Oncocephala susanstainesae

Scientific classification
- Kingdom: Animalia
- Phylum: Arthropoda
- Class: Insecta
- Order: Coleoptera
- Suborder: Polyphaga
- Infraorder: Cucujiformia
- Family: Chrysomelidae
- Genus: Oncocephala
- Species: O. susanstainesae
- Binomial name: Oncocephala susanstainesae Calcetas, Staines & Adorada, 2021

= Oncocephala susanstainesae =

- Genus: Oncocephala
- Species: susanstainesae
- Authority: Calcetas, Staines & Adorada, 2021

Species of beetle

Oncocephala susanstainesae is a species of beetle of the family Chrysomelidae. It is found in Namibia.

==Description==
Adults reach a length of about 4.2–5.5 mm. The head and pronotum are light to dark brown with a blackish tinge, or sometimes blackish with a dark brown tinge.

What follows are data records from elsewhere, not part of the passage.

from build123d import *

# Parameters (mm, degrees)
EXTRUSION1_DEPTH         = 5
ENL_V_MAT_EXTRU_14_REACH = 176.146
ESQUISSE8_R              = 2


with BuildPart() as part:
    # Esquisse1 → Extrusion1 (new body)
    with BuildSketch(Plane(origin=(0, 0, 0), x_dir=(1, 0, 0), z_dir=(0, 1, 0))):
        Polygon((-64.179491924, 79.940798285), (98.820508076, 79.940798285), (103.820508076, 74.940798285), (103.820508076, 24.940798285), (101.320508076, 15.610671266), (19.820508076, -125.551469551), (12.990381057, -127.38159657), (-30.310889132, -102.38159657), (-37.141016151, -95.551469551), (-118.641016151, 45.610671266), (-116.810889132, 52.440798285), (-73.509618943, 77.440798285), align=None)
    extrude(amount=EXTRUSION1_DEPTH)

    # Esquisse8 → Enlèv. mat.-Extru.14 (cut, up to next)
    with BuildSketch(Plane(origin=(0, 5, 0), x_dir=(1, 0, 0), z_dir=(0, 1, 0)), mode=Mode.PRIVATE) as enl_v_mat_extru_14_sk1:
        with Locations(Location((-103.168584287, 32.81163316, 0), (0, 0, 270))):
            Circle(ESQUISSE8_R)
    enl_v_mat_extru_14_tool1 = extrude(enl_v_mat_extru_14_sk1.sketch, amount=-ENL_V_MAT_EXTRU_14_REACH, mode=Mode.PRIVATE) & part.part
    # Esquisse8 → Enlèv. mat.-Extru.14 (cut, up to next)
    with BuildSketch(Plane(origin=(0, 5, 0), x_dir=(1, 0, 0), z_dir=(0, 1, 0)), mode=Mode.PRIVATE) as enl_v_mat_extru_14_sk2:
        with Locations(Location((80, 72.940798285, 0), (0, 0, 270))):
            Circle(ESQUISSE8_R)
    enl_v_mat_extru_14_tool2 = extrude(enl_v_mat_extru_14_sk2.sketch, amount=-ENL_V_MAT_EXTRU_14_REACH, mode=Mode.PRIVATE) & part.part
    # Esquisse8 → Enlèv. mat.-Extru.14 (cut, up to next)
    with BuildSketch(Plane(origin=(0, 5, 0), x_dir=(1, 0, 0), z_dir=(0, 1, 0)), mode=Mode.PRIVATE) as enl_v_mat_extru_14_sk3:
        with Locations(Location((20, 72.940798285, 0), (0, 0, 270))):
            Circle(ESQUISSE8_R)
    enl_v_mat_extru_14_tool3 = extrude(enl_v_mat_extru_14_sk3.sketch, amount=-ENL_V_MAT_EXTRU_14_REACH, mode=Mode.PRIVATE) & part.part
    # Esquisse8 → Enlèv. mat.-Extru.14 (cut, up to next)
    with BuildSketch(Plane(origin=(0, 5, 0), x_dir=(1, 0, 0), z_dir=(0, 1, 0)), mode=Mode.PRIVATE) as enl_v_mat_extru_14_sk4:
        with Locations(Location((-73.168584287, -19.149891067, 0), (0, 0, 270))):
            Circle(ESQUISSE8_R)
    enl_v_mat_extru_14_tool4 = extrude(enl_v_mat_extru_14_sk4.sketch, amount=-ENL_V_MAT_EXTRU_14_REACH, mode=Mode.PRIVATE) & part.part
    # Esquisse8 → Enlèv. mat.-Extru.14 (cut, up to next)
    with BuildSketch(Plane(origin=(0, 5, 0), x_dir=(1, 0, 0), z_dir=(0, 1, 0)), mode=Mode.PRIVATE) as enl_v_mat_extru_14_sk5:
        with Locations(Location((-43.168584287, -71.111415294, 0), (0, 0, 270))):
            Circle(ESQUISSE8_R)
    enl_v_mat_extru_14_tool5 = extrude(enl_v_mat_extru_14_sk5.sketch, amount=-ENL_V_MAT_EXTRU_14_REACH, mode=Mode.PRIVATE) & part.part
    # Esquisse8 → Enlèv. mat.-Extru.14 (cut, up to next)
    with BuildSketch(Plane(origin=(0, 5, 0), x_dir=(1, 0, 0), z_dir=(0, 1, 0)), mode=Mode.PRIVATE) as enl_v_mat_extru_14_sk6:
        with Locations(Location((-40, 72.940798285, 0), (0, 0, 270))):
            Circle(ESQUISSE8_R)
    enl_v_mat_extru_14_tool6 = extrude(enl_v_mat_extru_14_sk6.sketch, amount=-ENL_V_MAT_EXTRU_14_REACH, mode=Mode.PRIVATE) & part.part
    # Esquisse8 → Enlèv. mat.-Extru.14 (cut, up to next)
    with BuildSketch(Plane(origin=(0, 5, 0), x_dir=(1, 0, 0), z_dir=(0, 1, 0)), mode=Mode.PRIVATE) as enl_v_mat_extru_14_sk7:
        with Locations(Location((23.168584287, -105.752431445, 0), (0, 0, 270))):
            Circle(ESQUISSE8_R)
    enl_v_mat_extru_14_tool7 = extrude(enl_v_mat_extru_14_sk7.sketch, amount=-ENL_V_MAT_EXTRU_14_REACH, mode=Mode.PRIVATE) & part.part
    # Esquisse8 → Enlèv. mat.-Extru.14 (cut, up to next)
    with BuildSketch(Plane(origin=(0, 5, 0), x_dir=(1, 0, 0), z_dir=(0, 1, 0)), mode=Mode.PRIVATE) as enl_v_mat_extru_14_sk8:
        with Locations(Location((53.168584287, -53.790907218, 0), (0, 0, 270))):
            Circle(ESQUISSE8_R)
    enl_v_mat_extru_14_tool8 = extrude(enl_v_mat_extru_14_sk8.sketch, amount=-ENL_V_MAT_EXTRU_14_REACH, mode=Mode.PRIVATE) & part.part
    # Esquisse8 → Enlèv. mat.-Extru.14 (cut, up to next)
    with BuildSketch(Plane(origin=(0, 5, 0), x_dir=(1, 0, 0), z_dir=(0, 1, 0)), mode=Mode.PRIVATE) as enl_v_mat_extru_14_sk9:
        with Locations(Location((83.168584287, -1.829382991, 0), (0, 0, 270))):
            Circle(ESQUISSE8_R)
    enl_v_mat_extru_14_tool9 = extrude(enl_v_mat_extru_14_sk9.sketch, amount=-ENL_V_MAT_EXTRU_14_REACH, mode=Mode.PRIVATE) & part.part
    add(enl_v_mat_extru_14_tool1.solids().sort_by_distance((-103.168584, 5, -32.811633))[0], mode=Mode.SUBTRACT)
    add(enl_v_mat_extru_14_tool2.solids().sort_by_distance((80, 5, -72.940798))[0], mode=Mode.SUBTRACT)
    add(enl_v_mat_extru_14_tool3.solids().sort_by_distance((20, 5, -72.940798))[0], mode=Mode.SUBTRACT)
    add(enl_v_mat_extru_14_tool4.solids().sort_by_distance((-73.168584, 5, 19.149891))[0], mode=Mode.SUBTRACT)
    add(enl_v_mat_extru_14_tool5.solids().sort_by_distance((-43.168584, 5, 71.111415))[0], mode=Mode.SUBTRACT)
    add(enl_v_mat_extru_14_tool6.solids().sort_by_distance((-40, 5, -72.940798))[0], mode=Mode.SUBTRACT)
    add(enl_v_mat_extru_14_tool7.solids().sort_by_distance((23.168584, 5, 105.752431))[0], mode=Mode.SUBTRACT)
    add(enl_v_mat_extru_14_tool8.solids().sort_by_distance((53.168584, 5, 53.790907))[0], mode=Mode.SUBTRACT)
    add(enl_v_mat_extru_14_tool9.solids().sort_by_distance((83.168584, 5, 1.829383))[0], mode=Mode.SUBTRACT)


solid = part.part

The elytra range from yellowish with a blackish tinge to dark yellow with a dark brown tinge. The legs range from dark yellow to dark brown.

==Life history==
No host plant has been documented for this species.

==Etymology==
The species is named after Susan L. Staines, Visiting Scientist, Smithsonian Environmental Research Center, Edgewater, Maryland, USA.